Directions ->
Within the lines below, find those that hold the string "color" and copy each one.

Records supplied ->
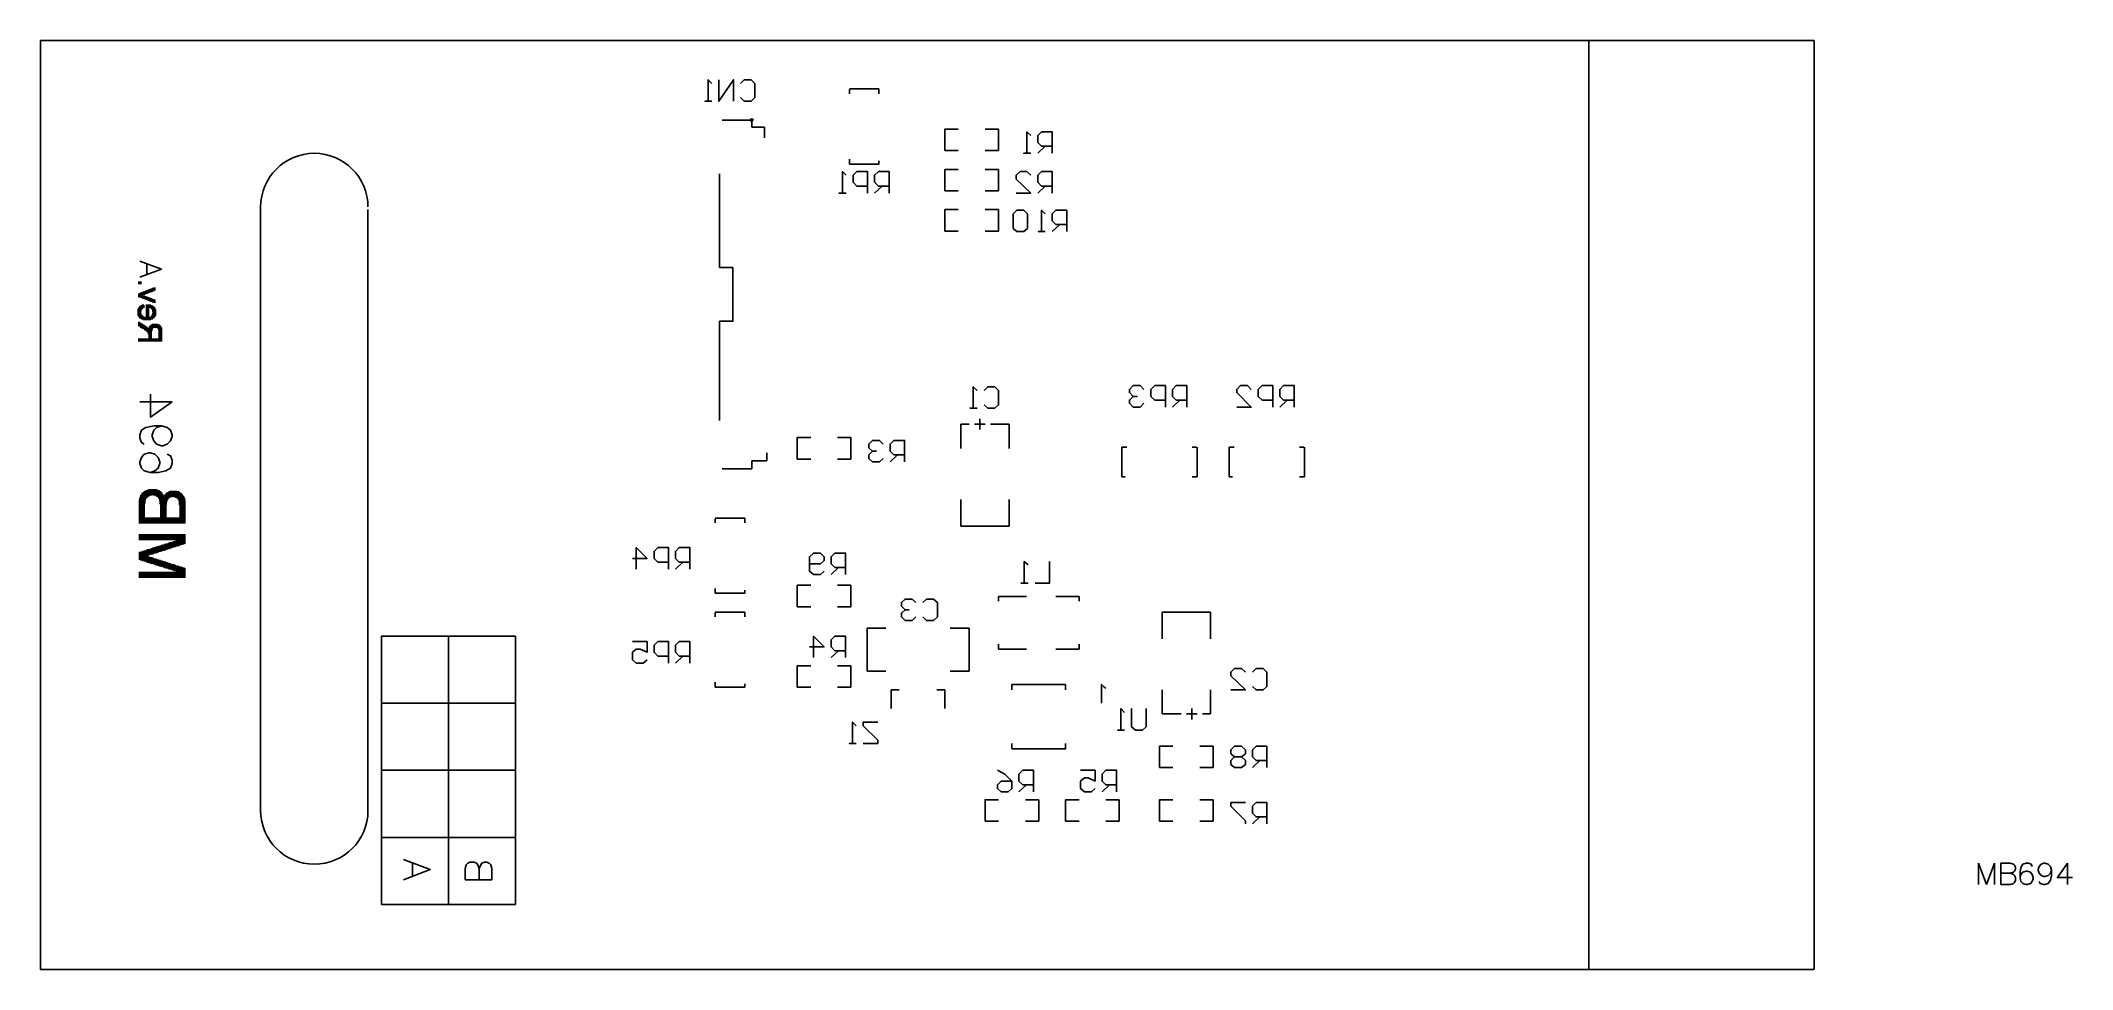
# Model space of a CAD drawing. Extents: x -0.09 to 3.7, y -0.16 to 1.57.
import ezdxf

# ---------------------------------------------------------------- set-up
doc = ezdxf.new("R2010")
doc.units = 0
doc.layers.get('0').update_dxf_attribs({"linetype": 'CONTINUOUS'})
doc.layers.add('mb694', color=1, linetype='CONTINUOUS')

# ---------------------------------------------------------------- blocks, each defined once
blk = doc.blocks.new('D13')
blk.add_circle((0, 0), 0.0025)

msp = doc.modelspace()

# ---------------------------------------------------------------- linework, layer by layer
at = {"layer": 'mb694', "color": 5}
for points in [[(-0.086, 1.573), (3.219, 1.573)], [(-0.086, -0.158), (-0.086, 1.573)], [(2.799, -0.158), (2.799, 1.573)], [(3.218, -0.158), (3.219, -0.157), (3.219, 1.573)], [(1.165, 1.46), (1.152, 1.46), (1.158, 1.46), (1.158, 1.5), (1.165, 1.493)], [(1.205, 1.46), (1.205, 1.5), (1.178, 1.46), (1.178, 1.5)], [(1.218, 1.493), (1.225, 1.5), (1.238, 1.5), (1.245, 1.493), (1.245, 1.467), (1.238, 1.46), (1.225, 1.46), (1.218, 1.467)], [(1.421, 1.483), (1.476, 1.483)], [(1.421, 1.474), (1.421, 1.482)], [(1.476, 1.474), (1.476, 1.483)], [(1.184, 1.425), (1.239, 1.425)], [(1.239, 1.412), (1.239, 1.425)], [(1.239, 1.412), (1.263, 1.412)], [(1.263, 1.392), (1.263, 1.412)], [(1.599, 1.368), (1.599, 1.408), (1.624, 1.408)], [(1.674, 1.408), (1.699, 1.408)], [(1.699, 1.368), (1.699, 1.408)], [(1.759, 1.363), (1.746, 1.363), (1.752, 1.363), (1.752, 1.403), (1.759, 1.396)], [(1.799, 1.363), (1.799, 1.403), (1.779, 1.403), (1.772, 1.396), (1.772, 1.383), (1.779, 1.376), (1.799, 1.376)], [(1.599, 1.368), (1.624, 1.368)], [(1.674, 1.368), (1.699, 1.368)], [(1.786, 1.376), (1.772, 1.363)], [(1.415, 1.289), (1.402, 1.289), (1.408, 1.289), (1.408, 1.329), (1.415, 1.322)], [(1.421, 1.343), (1.421, 1.352)], [(1.421, 1.343), (1.476, 1.343), (1.476, 1.349)], [(1.455, 1.289), (1.455, 1.329), (1.435, 1.329), (1.428, 1.322), (1.428, 1.309), (1.435, 1.302), (1.455, 1.302)], [(1.495, 1.289), (1.495, 1.329), (1.475, 1.329), (1.468, 1.322), (1.468, 1.309), (1.475, 1.302), (1.495, 1.302)], [(1.599, 1.293), (1.599, 1.333), (1.624, 1.333)], [(1.674, 1.333), (1.699, 1.333)], [(1.699, 1.293), (1.699, 1.333)], [(1.732, 1.289), (1.759, 1.289), (1.732, 1.315), (1.732, 1.322), (1.739, 1.329), (1.752, 1.329), (1.759, 1.322)], [(1.799, 1.289), (1.799, 1.329), (1.779, 1.329), (1.772, 1.322), (1.772, 1.309), (1.779, 1.302), (1.799, 1.302)], [(1.179, 1.15), (1.179, 1.325)], [(1.482, 1.302), (1.468, 1.289)], [(1.599, 1.293), (1.624, 1.293)], [(1.674, 1.293), (1.699, 1.293)], [(1.786, 1.302), (1.772, 1.289)], [(0.324, 0.138), (0.324, 1.263)], [(0.524, 0.138), (0.524, 1.258)], [(1.599, 1.258), (1.624, 1.258)], [(1.599, 1.218), (1.599, 1.258)], [(1.674, 1.218), (1.699, 1.218), (1.699, 1.258)], [(1.674, 1.258), (1.699, 1.258)], [(1.753, 1.25), (1.746, 1.257), (1.733, 1.257), (1.726, 1.25), (1.726, 1.223), (1.733, 1.217), (1.746, 1.217), (1.753, 1.223), (1.753, 1.25)], [(1.786, 1.217), (1.773, 1.217), (1.779, 1.217), (1.779, 1.257), (1.786, 1.25)], [(1.826, 1.217), (1.826, 1.257), (1.806, 1.257), (1.799, 1.25), (1.799, 1.237), (1.806, 1.23), (1.826, 1.23)], [(1.599, 1.218), (1.624, 1.218)], [(1.813, 1.23), (1.799, 1.217)], [(0.099, 1.162), (0.139, 1.147), (0.099, 1.132)], [(0.112, 1.137), (0.112, 1.156)], [(1.179, 1.05), (1.204, 1.05), (1.204, 1.15)], [(1.179, 1.15), (1.204, 1.15)], [(0.097, 1.119), (0.097, 1.124)], [(0.097, 1.095), (0.097, 1.102)], [(0.098, 1.119), (0.098, 1.124)], [(0.098, 1.095), (0.098, 1.102)], [(0.099, 1.119), (0.099, 1.124)], [(0.099, 1.095), (0.099, 1.102)], [(0.1, 1.119), (0.1, 1.124)], [(0.1, 1.094), (0.1, 1.103)], [(0.101, 1.119), (0.101, 1.124)], [(0.101, 1.094), (0.101, 1.103)], [(0.102, 1.093), (0.102, 1.104)], [(0.103, 1.093), (0.103, 1.104)], [(0.104, 1.093), (0.104, 1.104)], [(0.105, 1.099), (0.105, 1.105)], [(0.105, 1.092), (0.105, 1.098)], [(0.106, 1.099), (0.106, 1.105)], [(0.106, 1.092), (0.106, 1.098)], [(0.107, 1.099), (0.107, 1.106)], [(0.107, 1.092), (0.107, 1.098)], [(0.108, 1.1), (0.108, 1.106)], [(0.109, 1.1), (0.109, 1.106)], [(0.11, 1.101), (0.11, 1.107)], [(0.111, 1.101), (0.111, 1.107)], [(0.112, 1.101), (0.112, 1.107)], [(0.113, 1.102), (0.113, 1.108)], [(0.114, 1.102), (0.114, 1.108)], [(0.115, 1.103), (0.115, 1.109)], [(0.116, 1.103), (0.116, 1.109)], [(0.117, 1.103), (0.117, 1.109)], [(0.118, 1.104), (0.118, 1.11)], [(0.119, 1.104), (0.119, 1.11)], [(0.12, 1.104), (0.12, 1.111)], [(0.121, 1.105), (0.121, 1.111)], [(0.122, 1.105), (0.122, 1.111)], [(0.123, 1.106), (0.123, 1.112)], [(0.124, 1.106), (0.124, 1.112)], [(0.125, 1.106), (0.125, 1.112)], [(0.126, 1.107), (0.126, 1.113)], [(0.127, 1.107), (0.127, 1.113)], [(0.096, 1.061), (0.096, 1.073)], [(0.097, 1.059), (0.097, 1.075)], [(0.098, 1.057), (0.098, 1.076)], [(0.099, 1.056), (0.099, 1.078)], [(0.1, 1.055), (0.1, 1.079)], [(0.101, 1.069), (0.101, 1.079)], [(0.101, 1.055), (0.101, 1.065)], [(0.102, 1.072), (0.102, 1.08)], [(0.102, 1.054), (0.102, 1.062)], [(0.103, 1.073), (0.103, 1.08)], [(0.103, 1.053), (0.103, 1.061)], [(0.104, 1.074), (0.104, 1.081)], [(0.105, 1.075), (0.105, 1.081)], [(0.106, 1.075), (0.106, 1.08)], [(0.108, 1.091), (0.108, 1.097)], [(0.109, 1.091), (0.109, 1.097)], [(0.11, 1.09), (0.11, 1.096)], [(0.111, 1.09), (0.111, 1.096)], [(0.111, 1.052), (0.111, 1.081)], [(0.112, 1.09), (0.112, 1.096)], [(0.112, 1.052), (0.112, 1.081)], [(0.113, 1.089), (0.113, 1.095)], [(0.113, 1.052), (0.113, 1.081)], [(0.114, 1.089), (0.114, 1.095)], [(0.114, 1.052), (0.114, 1.081)], [(0.115, 1.088), (0.115, 1.095)], [(0.115, 1.052), (0.115, 1.081)], [(0.116, 1.088), (0.116, 1.094)], [(0.116, 1.076), (0.116, 1.081)], [(0.117, 1.088), (0.117, 1.094)], [(0.117, 1.075), (0.117, 1.081)], [(0.118, 1.087), (0.118, 1.093)], [(0.118, 1.075), (0.118, 1.081)], [(0.119, 1.087), (0.119, 1.093)], [(0.119, 1.075), (0.119, 1.08)], [(0.12, 1.086), (0.12, 1.093)], [(0.12, 1.074), (0.12, 1.08)], [(0.121, 1.086), (0.121, 1.092)], [(0.121, 1.073), (0.121, 1.08)], [(0.122, 1.086), (0.122, 1.092)], [(0.122, 1.072), (0.122, 1.079)], [(0.122, 1.054), (0.122, 1.062)], [(0.123, 1.085), (0.123, 1.091)], [(0.123, 1.068), (0.123, 1.078)], [(0.123, 1.055), (0.123, 1.065)], [(0.124, 1.085), (0.124, 1.091)], [(0.124, 1.056), (0.124, 1.078)], [(0.125, 1.085), (0.125, 1.091)], [(0.125, 1.056), (0.125, 1.077)], [(0.126, 1.084), (0.126, 1.09)], [(0.126, 1.058), (0.126, 1.076)], [(0.127, 1.084), (0.127, 1.09)], [(0.127, 1.059), (0.127, 1.074)], [(0.128, 1.061), (0.128, 1.072)], [(0.097, 1.041), (0.097, 1.049)], [(0.098, 1.04), (0.098, 1.048)], [(0.099, 1.04), (0.099, 1.047)], [(0.1, 1.039), (0.1, 1.047)], [(0.101, 1.038), (0.101, 1.046)], [(0.102, 1.038), (0.102, 1.046)], [(0.103, 1.037), (0.103, 1.045)], [(0.104, 1.053), (0.104, 1.06)], [(0.104, 1.036), (0.104, 1.044)], [(0.105, 1.053), (0.105, 1.059)], [(0.105, 1.036), (0.105, 1.044)], [(0.106, 1.052), (0.106, 1.058)], [(0.106, 1.035), (0.106, 1.043)], [(0.107, 1.052), (0.107, 1.058)], [(0.107, 1.035), (0.107, 1.042)], [(0.108, 1.052), (0.108, 1.058)], [(0.108, 1.034), (0.108, 1.042)], [(0.109, 1.052), (0.109, 1.058)], [(0.109, 1.033), (0.109, 1.041)], [(0.11, 1.052), (0.11, 1.057)], [(0.11, 1.033), (0.11, 1.04)], [(0.111, 1.032), (0.111, 1.04)], [(0.112, 1.031), (0.112, 1.039)], [(0.113, 1.03), (0.113, 1.038)], [(0.114, 1.029), (0.114, 1.037)], [(0.115, 1.026), (0.115, 1.035)], [(0.116, 1.052), (0.116, 1.057)], [(0.116, 1.012), (0.116, 1.037)], [(0.117, 1.052), (0.117, 1.058)], [(0.117, 1.012), (0.117, 1.04)], [(0.118, 1.052), (0.118, 1.058)], [(0.118, 1.012), (0.118, 1.041)], [(0.119, 1.053), (0.119, 1.058)], [(0.119, 1.012), (0.119, 1.042)], [(0.12, 1.053), (0.12, 1.059)], [(0.12, 1.012), (0.12, 1.043)], [(0.121, 1.053), (0.121, 1.06)], [(0.121, 1.032), (0.121, 1.044)], [(0.122, 1.036), (0.122, 1.044)], [(0.123, 1.037), (0.123, 1.045)], [(0.124, 1.038), (0.124, 1.045)], [(0.125, 1.038), (0.125, 1.045)], [(0.126, 1.038), (0.126, 1.045)], [(0.127, 1.039), (0.127, 1.045)], [(0.128, 1.039), (0.128, 1.045)], [(0.129, 1.038), (0.129, 1.045)], [(0.13, 1.038), (0.13, 1.045)], [(0.131, 1.038), (0.131, 1.045)], [(0.132, 1.037), (0.132, 1.045)], [(0.133, 1.036), (0.133, 1.044)], [(0.134, 1.033), (0.134, 1.044)], [(0.135, 1.012), (0.135, 1.043)], [(0.136, 1.012), (0.136, 1.042)], [(0.137, 1.012), (0.137, 1.042)], [(0.138, 1.012), (0.138, 1.04)], [(0.139, 1.012), (0.139, 1.038)], [(1.179, 0.865), (1.179, 1.05)], [(0.097, 1.012), (0.097, 1.018)], [(0.098, 1.012), (0.098, 1.018)], [(0.099, 1.012), (0.099, 1.018)], [(0.1, 1.012), (0.1, 1.018)], [(0.101, 1.012), (0.101, 1.018)], [(0.102, 1.012), (0.102, 1.018)], [(0.103, 1.012), (0.103, 1.018)], [(0.104, 1.012), (0.104, 1.018)], [(0.105, 1.012), (0.105, 1.018)], [(0.106, 1.012), (0.106, 1.018)], [(0.107, 1.012), (0.107, 1.018)], [(0.108, 1.012), (0.108, 1.018)], [(0.109, 1.012), (0.109, 1.018)], [(0.11, 1.012), (0.11, 1.018)], [(0.111, 1.012), (0.111, 1.018)], [(0.112, 1.012), (0.112, 1.018)], [(0.113, 1.012), (0.113, 1.018)], [(0.114, 1.012), (0.114, 1.018)], [(0.115, 1.012), (0.115, 1.018)], [(0.121, 1.012), (0.121, 1.018)], [(0.122, 1.012), (0.122, 1.018)], [(0.123, 1.012), (0.123, 1.018)], [(0.124, 1.012), (0.124, 1.018)], [(0.125, 1.012), (0.125, 1.018)], [(0.126, 1.012), (0.126, 1.018)], [(0.127, 1.012), (0.127, 1.018)], [(0.128, 1.012), (0.128, 1.018)], [(0.129, 1.012), (0.129, 1.018)], [(0.13, 1.012), (0.13, 1.018)], [(0.131, 1.012), (0.131, 1.018)], [(0.132, 1.012), (0.132, 1.018)], [(0.133, 1.012), (0.133, 1.018)], [(0.134, 1.012), (0.134, 1.018)], [(0.159, 0.9), (0.119, 0.871), (0.119, 0.914)], [(1.659, 0.888), (1.646, 0.888), (1.652, 0.888), (1.652, 0.928), (1.659, 0.921)], [(1.672, 0.921), (1.679, 0.928), (1.692, 0.928), (1.699, 0.921), (1.699, 0.894), (1.692, 0.888), (1.679, 0.888), (1.672, 0.894)], [(1.97, 0.923), (1.963, 0.93), (1.95, 0.93), (1.943, 0.923), (1.943, 0.917), (1.95, 0.91), (1.957, 0.91), (1.95, 0.91), (1.943, 0.903), (1.943, 0.897), (1.95, 0.89), (1.963, 0.89), (1.97, 0.897)], [(2.01, 0.89), (2.01, 0.93), (1.99, 0.93), (1.983, 0.923), (1.983, 0.91), (1.99, 0.903), (2.01, 0.903)], [(2.05, 0.89), (2.05, 0.93), (2.03, 0.93), (2.023, 0.923), (2.023, 0.91), (2.03, 0.903), (2.05, 0.903)], [(2.143, 0.89), (2.17, 0.89), (2.143, 0.917), (2.143, 0.923), (2.15, 0.93), (2.163, 0.93), (2.17, 0.923)], [(2.21, 0.89), (2.21, 0.93), (2.19, 0.93), (2.183, 0.923), (2.183, 0.91), (2.19, 0.903), (2.21, 0.903)], [(2.25, 0.89), (2.25, 0.93), (2.23, 0.93), (2.223, 0.923), (2.223, 0.91), (2.23, 0.903), (2.25, 0.903)], [(0.159, 0.9), (0.099, 0.9)], [(2.037, 0.903), (2.023, 0.89)], [(2.237, 0.903), (2.223, 0.89)], [(0.139, 0.855), (0.13, 0.852), (0.125, 0.847), (0.122, 0.838), (0.122, 0.835), (0.125, 0.827), (0.13, 0.821), (0.139, 0.818), (0.142, 0.818), (0.15, 0.821), (0.156, 0.827), (0.159, 0.835), (0.159, 0.838), (0.156, 0.847), (0.15, 0.852), (0.139, 0.855), (0.125, 0.855), (0.11, 0.852), (0.102, 0.847), (0.099, 0.838), (0.099, 0.832), (0.102, 0.824), (0.107, 0.821)], [(1.324, 0.793), (1.324, 0.833), (1.349, 0.833)], [(1.399, 0.833), (1.424, 0.833)], [(1.424, 0.793), (1.424, 0.833)], [(1.629, 0.858), (1.644, 0.858)], [(1.629, 0.813), (1.629, 0.858)], [(1.654, 0.858), (1.674, 0.858)], [(1.664, 0.848), (1.664, 0.868)], [(1.684, 0.858), (1.719, 0.858)], [(1.719, 0.813), (1.719, 0.858)], [(0.15, 0.802), (0.156, 0.799), (0.159, 0.791), (0.159, 0.785), (0.156, 0.776), (0.147, 0.771), (0.133, 0.768), (0.119, 0.768), (0.107, 0.771), (0.102, 0.776), (0.099, 0.785), (0.099, 0.788), (0.102, 0.796), (0.107, 0.802), (0.116, 0.805), (0.119, 0.805), (0.127, 0.802), (0.133, 0.796), (0.136, 0.788), (0.136, 0.785), (0.133, 0.776), (0.127, 0.771), (0.119, 0.768)], [(1.267, 0.79), (1.267, 0.805)], [(1.484, 0.821), (1.477, 0.828), (1.464, 0.828), (1.457, 0.821), (1.457, 0.814), (1.464, 0.808), (1.471, 0.808), (1.464, 0.808), (1.457, 0.801), (1.457, 0.794), (1.464, 0.788), (1.477, 0.788), (1.484, 0.794)], [(1.524, 0.788), (1.524, 0.828), (1.504, 0.828), (1.497, 0.821), (1.497, 0.808), (1.504, 0.801), (1.524, 0.801)], [(1.511, 0.801), (1.497, 0.788)], [(1.929, 0.815), (1.938, 0.815)], [(1.929, 0.76), (1.929, 0.815)], [(2.06, 0.76), (2.069, 0.76), (2.069, 0.815)], [(2.06, 0.815), (2.068, 0.815)], [(2.129, 0.76), (2.129, 0.815), (2.138, 0.815)], [(2.26, 0.815), (2.268, 0.815)], [(2.269, 0.76), (2.269, 0.815)], [(1.184, 0.775), (1.239, 0.775)], [(1.239, 0.775), (1.239, 0.79)], [(1.239, 0.79), (1.267, 0.79)], [(1.324, 0.793), (1.349, 0.793)], [(1.399, 0.793), (1.424, 0.793)], [(1.929, 0.76), (1.935, 0.76)], [(2.129, 0.76), (2.135, 0.76)], [(2.26, 0.76), (2.269, 0.76)], [(0.099, 0.673), (0.099, 0.721)], [(0.1, 0.673), (0.1, 0.723)], [(0.101, 0.673), (0.101, 0.726)], [(0.102, 0.673), (0.102, 0.727)], [(0.103, 0.673), (0.103, 0.729)], [(0.104, 0.673), (0.104, 0.73)], [(0.105, 0.673), (0.105, 0.731)], [(0.106, 0.673), (0.106, 0.732)], [(0.107, 0.673), (0.107, 0.732)], [(0.108, 0.71), (0.108, 0.733)], [(0.109, 0.716), (0.109, 0.734)], [(0.11, 0.719), (0.11, 0.734)], [(0.111, 0.72), (0.111, 0.735)], [(0.112, 0.722), (0.112, 0.735)], [(0.113, 0.722), (0.113, 0.736)], [(0.114, 0.723), (0.114, 0.736)], [(0.115, 0.724), (0.115, 0.736)], [(0.116, 0.724), (0.116, 0.737)], [(0.117, 0.725), (0.117, 0.737)], [(0.118, 0.725), (0.118, 0.737)], [(0.119, 0.725), (0.119, 0.737)], [(0.12, 0.725), (0.12, 0.737)], [(0.121, 0.726), (0.121, 0.737)], [(0.122, 0.726), (0.122, 0.737)], [(0.123, 0.726), (0.123, 0.737)], [(0.124, 0.726), (0.124, 0.737)], [(0.125, 0.725), (0.125, 0.737)], [(0.126, 0.725), (0.126, 0.737)], [(0.127, 0.725), (0.127, 0.737)], [(0.128, 0.725), (0.128, 0.737)], [(0.129, 0.724), (0.129, 0.737)], [(0.13, 0.724), (0.13, 0.736)], [(0.131, 0.723), (0.131, 0.736)], [(0.132, 0.723), (0.132, 0.736)], [(0.133, 0.722), (0.133, 0.735)], [(0.134, 0.72), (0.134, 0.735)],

Answer section ->
doc.layers.add('mb694', color=1, linetype='CONTINUOUS')
at = {"layer": 'mb694', "color": 5}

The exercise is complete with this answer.